Data items

.....

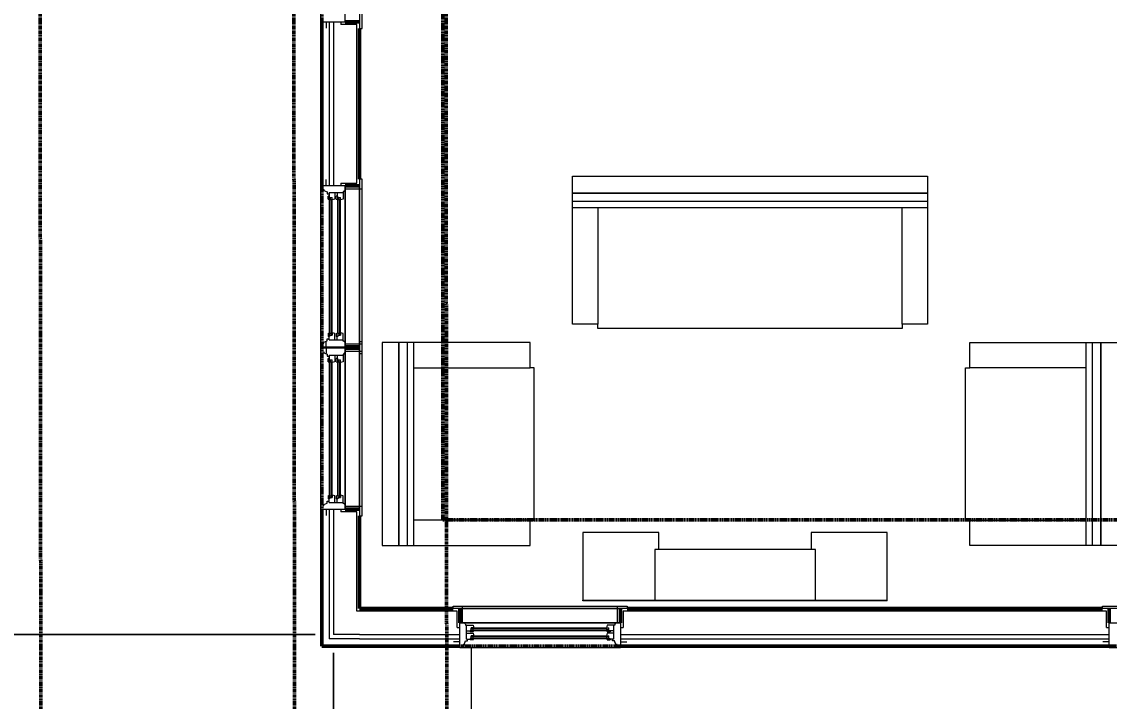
# Model space of a CAD drawing. Header units: inches. Extents: x -4217 to -1814, y 9706 to 12425.
# Drawn here: x -3931.7 to -3674.5, y 9967.2 to 10127.8 of the extents above; entities that cross this region are included whole.
import ezdxf

# ---------------------------------------------------------------- set-up
doc = ezdxf.new("R2010")
doc.units = ezdxf.units.IN
doc.header["$MEASUREMENT"] = 0
doc.linetypes.add('Dash 1_16_', pattern=[0.125, 0.0625, -0.0625])
doc.linetypes.add('Double Dash 3_8_', pattern=[1, 0.375, -0.125, 0.125, -0.125, 0.125, -0.125])
for name, color, linetype, lineweight in [('A-ANNO-DIMS', 211, 'Continuous', 9), ('A-ANNO-DIMS-96', 211, 'Continuous', 9), ('A-GLAZ-3', 7, 'Continuous', 9), ('A-GLAZ-4', 50, 'Continuous', 20), ('A-WALL-3', 250, 'Continuous', 50), ('A-WALL-4', 10, 'Continuous', 13), ('C-PROP-LINE-1', 250, 'Double Dash 3_8_', 50), ('C-PROP-LINE-2', 91, 'Dash 1_16_', 50), ('C-TOPO', 7, 'Continuous', 9), ('I-FURN', 30, 'Continuous', 9), ('I-FURN-1', 7, 'Continuous', 9)]:
    doc.layers.add(name, color=color, linetype=linetype, lineweight=lineweight)
doc.styles.add('Century Gothic', font='ufonts.com_century-gothic.ttf', dxfattribs={"height": 9})
doc.dimstyles.new('OD__1_8__Tol__', dxfattribs={"dimscale": 12, "dimtxt": 9.397514, "dimasz": 1, "dimexe": 0.75, "dimexo": 0.5, "dimgap": 0.125, "dimtad": 1, "dimdec": 3, "dimrnd": 0.125, "dimzin": 3, "dimdsep": 46, "dimlunit": 4, "dimtxsty": 'Century Gothic', "dimblk1": 'OBLIQUE', "dimblk2": 'OBLIQUE', "dimsah": 1, "dimcen": 0.09, "dimdle": 0.75, "dimazin": 0, "dimtfac": 1, "dimtdec": 4, "dimtix": 1, "dimtmove": 0, "dimatfit": 3, "dimfxl": 1, "dimtvp": 1, "dimtfill": 1, "dimfrac": 2, "dimtolj": 1, "dimtzin": 0, "dimarcsym": 2})

# ---------------------------------------------------------------- blocks, each defined once
blk = doc.blocks.new('DIMBLOCK7-FLOOR PLAN - 2ND FLOOR')
at = {"layer": 'A-ANNO-DIMS-96'}
for p, q in [((-4043.68, 9973.94), (-4043.68, 12124.84)), ((-3862.29, 12115.84), (-4052.68, 12115.84)), ((-4043.68, 12115.84), (-3862.29, 12115.84)), ((-3862.29, 9982.94), (-4052.68, 9982.94)), ((-4043.68, 9982.94), (-3862.29, 9982.94))]:
    blk.add_line(p, q, dxfattribs=at)
at = {"layer": 'A-ANNO-DIMS-96', "lineweight": 50}
for p, q in [((-4043.68, 12115.84), (-4049.68, 12121.84)), ((-4043.68, 12115.84), (-4037.68, 12109.84)), ((-4043.68, 9982.94), (-4049.68, 9988.94)), ((-4043.68, 9982.94), (-4037.68, 9976.94))]:
    blk.add_line(p, q, dxfattribs=at)
at = {"layer": 'A-ANNO-DIMS-96', "color": 0, "insert": (-4056.71, 11015.16), "char_height": 9, "width": 82.1611, "attachment_point": 1, "rotation": 90, "line_spacing_factor": 0.984502, "style": 'Century Gothic', "bg_fill": 3, "box_fill_scale": 1.25, "bg_fill_color": 256, "bg_fill_true_color": 13158600, "bg_fill_transparency": 0}
blk.add_mtext('177\' - 8 7/8"', dxfattribs=at)
blk = doc.blocks.new('_Oblique')
at = {"color": 0, "linetype": 'ByBlock', "lineweight": -2}
blk.add_line((-0.5, -0.5), (0.5, 0.5), dxfattribs=at)
blk = doc.blocks.new('DIMBLOCK15-FLOOR PLAN - 2ND FLOOR')
at = {"layer": 'A-ANNO-DIMS-96'}
for p, q in [((-3338.72, 9982.44), (-3338.72, 9817.41)), ((-3338.72, 9826.41), (-3338.72, 9982.44)), ((-3857.97, 9978.63), (-3857.97, 9817.41)), ((-3857.97, 9826.41), (-3857.97, 9978.63)), ((-3866.97, 9826.41), (-3338.72, 9826.41))]:
    blk.add_line(p, q, dxfattribs=at)
at = {"layer": 'A-ANNO-DIMS-96', "lineweight": 50}
for p, q in [((-3857.97, 9826.41), (-3851.97, 9832.41)), ((-3338.72, 9826.41), (-3332.72, 9832.41)), ((-3857.97, 9826.41), (-3863.97, 9820.41)), ((-3338.72, 9826.41), (-3344.72, 9820.41))]:
    blk.add_line(p, q, dxfattribs=at)
at = {"layer": 'A-ANNO-DIMS-96', "color": 0, "insert": (-3629.08, 9839.44), "char_height": 9, "width": 73.7481, "attachment_point": 1, "line_spacing_factor": 0.984502, "style": 'Century Gothic', "bg_fill": 3, "box_fill_scale": 1.25, "bg_fill_color": 256, "bg_fill_true_color": 13158600, "bg_fill_transparency": 0}
blk.add_mtext('43\' - 3 1/4"', dxfattribs=at)

msp = doc.modelspace()

# ---------------------------------------------------------------- linework, layer by layer
at = {"layer": 'A-GLAZ-3'}
for p, q in [((-3851.84874, 10167.37611), (-3851.84874, 10126.22768)), ((-3851.22374, 10126.22768), (-3851.22374, 10167.37611)), ((-3851.84874, 10126.22768), (-3851.22374, 10126.22768)), ((-3851.84874, 10090.57611), (-3851.84874, 10049.42768)), ((-3851.22374, 10090.57611), (-3851.84874, 10090.57611)), ((-3851.84874, 10051.05268), (-3851.84874, 10088.95111)), ((-3851.84874, 10088.32611), (-3851.22374, 10088.32611)), ((-3851.22374, 10049.42768), (-3851.22374, 10090.57611)), ((-3851.84874, 10052.17611), (-3851.84874, 10011.02768)), ((-3851.22374, 10052.17611), (-3851.84874, 10052.17611)), ((-3851.22374, 10011.02768), (-3851.22374, 10052.17611)), ((-3851.84874, 10051.67768), (-3851.22374, 10051.67768)), ((-3851.84874, 10012.65268), (-3851.84874, 10050.55111)), ((-3851.84874, 10049.92611), (-3851.22374, 10049.92611)), ((-3851.84874, 10049.42768), (-3851.22374, 10049.42768)), ((-3851.84874, 10013.27768), (-3851.22374, 10013.27768)), ((-3851.84874, 10011.02768), (-3851.22374, 10011.02768))]:
    msp.add_line(p, q, dxfattribs=at)
at = {"layer": 'A-WALL-3'}
msp.add_line((-3851.84874, 10090.57611), (-3851.84874, 10126.22768), dxfattribs=at)
at = {"layer": 'A-WALL-4'}
msp.add_line((-3852.47374, 10089.63861), (-3852.47374, 10127.16518), dxfattribs=at)
at = {"layer": 'C-PROP-LINE-2'}
for p, q in [((-3832.16202, 10010.0894), (-3832.16202, 12088.5894)), ((-2099.26202, 10010.0894), (-3832.16202, 10010.0894))]:
    msp.add_line(p, q, dxfattribs=at)
at = {"layer": 'I-FURN'}
for p, q in [((-3717.49716, 10087.31864), (-3801.49716, 10087.31864)), ((-3801.49716, 10083.81864), (-3801.49716, 10087.31864)), ((-3801.49716, 10087.31864), (-3717.49716, 10087.31864)), ((-3717.49716, 10087.31864), (-3717.49716, 10083.81864)), ((-3717.49716, 10085.31864), (-3801.49716, 10085.31864)), ((-3801.49716, 10056.31864), (-3801.49716, 10083.81864)), ((-3717.49716, 10083.81864), (-3801.49716, 10083.81864)), ((-3795.49716, 10083.81864), (-3795.49716, 10056.31864)), ((-3723.49716, 10056.31864), (-3723.49716, 10083.81864)), ((-3717.49716, 10083.81864), (-3717.49716, 10056.31864)), ((-3795.49716, 10056.31864), (-3801.49716, 10056.31864)), ((-3795.49716, 10055.31864), (-3795.49716, 10056.31864)), ((-3723.49716, 10055.31864), (-3795.49716, 10055.31864)), ((-3723.49716, 10056.31864), (-3723.49716, 10055.31864)), ((-3717.49716, 10056.31864), (-3723.49716, 10056.31864)), ((-3842.49716, 10003.99364), (-3842.49716, 10051.99364)), ((-3842.49716, 10051.99364), (-3842.49716, 10003.99364)), ((-3838.99716, 10051.99364), (-3842.49716, 10051.99364)), ((-3840.49716, 10003.99364), (-3840.49716, 10051.99364)), ((-3811.49716, 10051.99364), (-3838.99716, 10051.99364)), ((-3838.99716, 10003.99364), (-3838.99716, 10051.99364)), ((-3811.49716, 10045.99364), (-3811.49716, 10051.99364)), ((-3707.49716, 10051.99364), (-3679.99716, 10051.99364)), ((-3707.49716, 10045.99364), (-3707.49716, 10051.99364)), ((-3679.99716, 10051.99364), (-3676.49716, 10051.99364)), ((-3679.99716, 10003.99364), (-3679.99716, 10051.99364)), ((-3678.49716, 10003.99364), (-3678.49716, 10051.99364)), ((-3676.49716, 10003.99364), (-3676.49716, 10051.99364)), ((-3676.49716, 10051.99364), (-3676.49716, 10003.99364)), ((-3838.99716, 10045.99364), (-3811.49716, 10045.99364)), ((-3810.49716, 10045.99364), (-3811.49716, 10045.99364)), ((-3810.49716, 10009.99364), (-3810.49716, 10045.99364)), ((-3708.49716, 10045.99364), (-3707.49716, 10045.99364)), ((-3708.49716, 10009.99364), (-3708.49716, 10045.99364)), ((-3679.99716, 10045.99364), (-3707.49716, 10045.99364)), ((-3811.49716, 10009.99364), (-3838.99716, 10009.99364)), ((-3811.49716, 10009.99364), (-3810.49716, 10009.99364)), ((-3811.49716, 10003.99364), (-3811.49716, 10009.99364)), ((-3707.49716, 10009.99364), (-3708.49716, 10009.99364)), ((-3707.49716, 10009.99364), (-3679.99716, 10009.99364)), ((-3707.49716, 10003.99364), (-3707.49716, 10009.99364)), ((-3842.49716, 10003.99364), (-3838.99716, 10003.99364)), ((-3838.99716, 10003.99364), (-3811.49716, 10003.99364)), ((-3679.99716, 10003.99364), (-3707.49716, 10003.99364)), ((-3676.49716, 10003.99364), (-3679.99716, 10003.99364))]:
    msp.add_line(p, q, dxfattribs=at)
at = {"layer": 'I-FURN-1'}
for p, q in [((-3801.49716, 10087.31864), (-3801.49716, 10091.31864)), ((-3801.49716, 10091.31864), (-3717.49716, 10091.31864)), ((-3717.49716, 10091.31864), (-3717.49716, 10087.31864)), ((-3846.49716, 10051.99364), (-3846.49716, 10003.99364)), ((-3842.49716, 10051.99364), (-3846.49716, 10051.99364)), ((-3676.49716, 10051.99364), (-3672.49716, 10051.99364)), ((-3781.00743, 10007.04364), (-3799.00743, 10007.04364)), ((-3799.00743, 10007.04364), (-3799.00743, 9991.04364)), ((-3797.85782, 10007.0747), (-3798.34693, 10007.0747)), ((-3797.85782, 10007.04356), (-3797.85782, 10007.0747)), ((-3781.67033, 10007.07545), (-3782.66481, 10007.07545)), ((-3782.66481, 10007.07545), (-3782.66481, 10007.04356)), ((-3781.67033, 10007.04356), (-3781.67033, 10007.07545)), ((-3781.00743, 10003.04364), (-3781.00743, 10007.04364)), ((-3727.00743, 10007.04364), (-3745.00743, 10007.04364)), ((-3745.00743, 10007.04364), (-3745.00743, 10003.04364)), ((-3744.34453, 10007.07545), (-3744.34453, 10007.04356)), ((-3743.35005, 10007.07545), (-3744.34453, 10007.07545)), ((-3743.35005, 10007.04356), (-3743.35005, 10007.07545)), ((-3727.66793, 10007.0747), (-3728.15704, 10007.0747)), ((-3728.15704, 10007.0747), (-3728.15704, 10007.04356)), ((-3727.00743, 9991.04364), (-3727.00743, 10007.04364)), ((-3846.49716, 10003.99364), (-3842.49716, 10003.99364)), ((-3672.49716, 10003.99364), (-3676.49716, 10003.99364)), ((-3744.00743, 10003.04364), (-3782.00743, 10003.04364)), ((-3782.00743, 10003.04364), (-3782.00743, 9991.04364)), ((-3744.00743, 9991.04364), (-3744.00743, 10003.04364)), ((-3799.00743, 9991.04364), (-3782.00743, 9991.04364)), ((-3799.00743, 9990.91864), (-3799.00743, 9991.04364)), ((-3799.00743, 9991.04364), (-3782.00743, 9991.04364)), ((-3782.00743, 9990.91864), (-3799.00743, 9990.91864)), ((-3782.00743, 9991.04364), (-3744.00743, 9991.04364)), ((-3782.00743, 9990.91864), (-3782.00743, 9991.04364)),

.....

» **Task description**: Output must match the lines from the start of the records above through the line that contains "doc.units = ezdxf.units.IN", exactly and with every picture removed.

» **Output for this task**:
# Model space of a CAD drawing. Header units: inches. Extents: x -4217 to -1814, y 9706 to 12425.
# Drawn here: x -3931.7 to -3674.5, y 9967.2 to 10127.8 of the extents above; entities that cross this region are included whole.
import ezdxf

# ---------------------------------------------------------------- set-up
doc = ezdxf.new("R2010")
doc.units = ezdxf.units.IN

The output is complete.